**Work required**
Copy out the first line of the listing and every line after it, exactly, until you have copied the line containing "<td>3.3 Ω</td>".
*** Records supplied ***
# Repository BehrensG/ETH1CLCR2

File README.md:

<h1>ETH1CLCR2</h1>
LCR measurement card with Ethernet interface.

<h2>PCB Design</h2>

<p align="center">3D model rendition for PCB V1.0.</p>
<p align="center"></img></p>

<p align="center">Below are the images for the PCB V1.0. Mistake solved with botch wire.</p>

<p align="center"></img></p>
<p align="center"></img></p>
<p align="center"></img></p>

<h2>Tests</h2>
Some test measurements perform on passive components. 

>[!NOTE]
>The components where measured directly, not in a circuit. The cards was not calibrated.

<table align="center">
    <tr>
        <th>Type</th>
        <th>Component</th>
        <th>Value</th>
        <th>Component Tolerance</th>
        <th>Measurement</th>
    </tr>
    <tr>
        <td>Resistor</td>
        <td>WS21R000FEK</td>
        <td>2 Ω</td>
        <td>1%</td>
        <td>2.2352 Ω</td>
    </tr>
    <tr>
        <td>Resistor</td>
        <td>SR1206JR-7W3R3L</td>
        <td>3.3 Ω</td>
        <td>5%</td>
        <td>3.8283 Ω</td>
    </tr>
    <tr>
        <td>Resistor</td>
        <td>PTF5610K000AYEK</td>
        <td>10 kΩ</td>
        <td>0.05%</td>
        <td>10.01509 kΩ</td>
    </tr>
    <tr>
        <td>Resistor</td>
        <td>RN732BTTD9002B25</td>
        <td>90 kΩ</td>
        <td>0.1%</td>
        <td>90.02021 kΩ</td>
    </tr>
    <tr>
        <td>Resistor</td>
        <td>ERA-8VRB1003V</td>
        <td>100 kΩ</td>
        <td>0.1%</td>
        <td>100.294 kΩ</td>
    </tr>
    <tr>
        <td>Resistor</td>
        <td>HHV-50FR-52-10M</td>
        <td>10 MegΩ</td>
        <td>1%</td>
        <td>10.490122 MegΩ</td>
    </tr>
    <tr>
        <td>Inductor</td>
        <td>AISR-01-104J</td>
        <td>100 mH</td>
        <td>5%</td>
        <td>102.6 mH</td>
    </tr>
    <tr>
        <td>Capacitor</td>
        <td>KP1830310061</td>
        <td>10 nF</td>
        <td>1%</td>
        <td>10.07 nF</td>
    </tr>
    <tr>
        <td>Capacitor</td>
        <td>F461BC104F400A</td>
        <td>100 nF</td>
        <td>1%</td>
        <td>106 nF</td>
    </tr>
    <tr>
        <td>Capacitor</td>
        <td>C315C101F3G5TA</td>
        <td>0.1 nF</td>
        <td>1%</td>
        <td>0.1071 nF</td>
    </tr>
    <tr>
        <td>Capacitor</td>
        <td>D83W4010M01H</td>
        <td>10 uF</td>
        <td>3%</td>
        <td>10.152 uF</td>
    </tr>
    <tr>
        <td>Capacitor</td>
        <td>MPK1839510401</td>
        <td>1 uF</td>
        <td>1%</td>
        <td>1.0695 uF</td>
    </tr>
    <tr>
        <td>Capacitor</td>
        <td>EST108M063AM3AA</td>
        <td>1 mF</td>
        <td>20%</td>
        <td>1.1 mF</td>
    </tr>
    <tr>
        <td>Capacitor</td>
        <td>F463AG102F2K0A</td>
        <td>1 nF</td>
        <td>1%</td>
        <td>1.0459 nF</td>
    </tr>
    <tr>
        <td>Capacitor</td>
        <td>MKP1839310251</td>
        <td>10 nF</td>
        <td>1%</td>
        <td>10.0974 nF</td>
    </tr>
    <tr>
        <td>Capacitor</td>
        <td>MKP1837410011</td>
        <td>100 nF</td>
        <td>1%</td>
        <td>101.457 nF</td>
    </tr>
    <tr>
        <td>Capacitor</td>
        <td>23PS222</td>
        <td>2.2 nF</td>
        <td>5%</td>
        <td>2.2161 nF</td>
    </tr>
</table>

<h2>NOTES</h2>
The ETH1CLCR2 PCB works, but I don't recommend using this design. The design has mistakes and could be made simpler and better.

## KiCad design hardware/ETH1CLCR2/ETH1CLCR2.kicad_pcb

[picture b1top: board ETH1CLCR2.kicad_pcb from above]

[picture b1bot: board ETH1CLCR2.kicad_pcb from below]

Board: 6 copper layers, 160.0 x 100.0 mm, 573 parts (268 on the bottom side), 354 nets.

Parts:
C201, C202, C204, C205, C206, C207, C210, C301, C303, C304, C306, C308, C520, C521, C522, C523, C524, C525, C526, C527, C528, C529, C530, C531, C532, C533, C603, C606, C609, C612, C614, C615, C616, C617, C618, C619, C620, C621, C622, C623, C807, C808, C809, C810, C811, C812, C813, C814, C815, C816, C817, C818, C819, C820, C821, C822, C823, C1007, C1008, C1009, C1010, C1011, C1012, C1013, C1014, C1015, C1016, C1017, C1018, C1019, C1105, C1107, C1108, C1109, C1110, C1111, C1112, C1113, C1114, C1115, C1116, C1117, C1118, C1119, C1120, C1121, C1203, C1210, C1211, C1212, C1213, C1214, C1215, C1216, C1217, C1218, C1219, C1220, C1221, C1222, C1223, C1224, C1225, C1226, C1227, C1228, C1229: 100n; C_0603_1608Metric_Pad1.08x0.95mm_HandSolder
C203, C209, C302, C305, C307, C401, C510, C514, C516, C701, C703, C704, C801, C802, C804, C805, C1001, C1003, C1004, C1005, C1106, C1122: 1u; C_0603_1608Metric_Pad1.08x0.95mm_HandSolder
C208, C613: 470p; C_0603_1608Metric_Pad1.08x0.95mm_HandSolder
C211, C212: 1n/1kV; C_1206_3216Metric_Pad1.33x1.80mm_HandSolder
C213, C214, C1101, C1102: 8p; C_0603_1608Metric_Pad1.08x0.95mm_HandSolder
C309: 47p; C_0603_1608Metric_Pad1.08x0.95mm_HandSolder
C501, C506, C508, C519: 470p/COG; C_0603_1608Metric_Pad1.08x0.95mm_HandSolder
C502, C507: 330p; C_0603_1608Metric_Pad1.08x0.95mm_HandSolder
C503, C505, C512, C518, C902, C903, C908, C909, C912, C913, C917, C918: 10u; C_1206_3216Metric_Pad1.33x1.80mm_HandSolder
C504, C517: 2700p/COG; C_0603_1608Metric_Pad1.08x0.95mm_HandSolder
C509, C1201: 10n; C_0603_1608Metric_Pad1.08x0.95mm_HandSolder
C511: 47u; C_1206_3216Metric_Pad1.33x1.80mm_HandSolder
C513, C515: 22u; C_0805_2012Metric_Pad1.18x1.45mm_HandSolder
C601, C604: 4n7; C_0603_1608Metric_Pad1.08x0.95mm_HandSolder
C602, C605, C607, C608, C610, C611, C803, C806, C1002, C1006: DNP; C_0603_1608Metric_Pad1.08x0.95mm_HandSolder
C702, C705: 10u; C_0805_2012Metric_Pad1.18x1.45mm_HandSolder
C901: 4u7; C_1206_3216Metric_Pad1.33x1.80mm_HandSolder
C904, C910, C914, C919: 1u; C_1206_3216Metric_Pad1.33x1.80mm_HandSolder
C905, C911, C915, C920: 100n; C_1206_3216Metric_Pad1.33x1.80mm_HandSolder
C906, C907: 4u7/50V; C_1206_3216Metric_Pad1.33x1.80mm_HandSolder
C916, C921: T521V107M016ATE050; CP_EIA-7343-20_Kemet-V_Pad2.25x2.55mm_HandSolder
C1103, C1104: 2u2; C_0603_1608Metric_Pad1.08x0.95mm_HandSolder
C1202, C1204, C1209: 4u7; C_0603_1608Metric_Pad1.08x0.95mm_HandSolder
***
**Result for this exercise**
# Repository BehrensG/ETH1CLCR2

File README.md:

<h1>ETH1CLCR2</h1>
LCR measurement card with Ethernet interface.

<h2>PCB Design</h2>

<p align="center">3D model rendition for PCB V1.0.</p>
<p align="center"></img></p>

<p align="center">Below are the images for the PCB V1.0. Mistake solved with botch wire.</p>

<p align="center"></img></p>
<p align="center"></img></p>
<p align="center"></img></p>

<h2>Tests</h2>
Some test measurements perform on passive components. 

>[!NOTE]
>The components where measured directly, not in a circuit. The cards was not calibrated.

<table align="center">
    <tr>
        <th>Type</th>
        <th>Component</th>
        <th>Value</th>
        <th>Component Tolerance</th>
        <th>Measurement</th>
    </tr>
    <tr>
        <td>Resistor</td>
        <td>WS21R000FEK</td>
        <td>2 Ω</td>
        <td>1%</td>
        <td>2.2352 Ω</td>
    </tr>
    <tr>
        <td>Resistor</td>
        <td>SR1206JR-7W3R3L</td>
        <td>3.3 Ω</td>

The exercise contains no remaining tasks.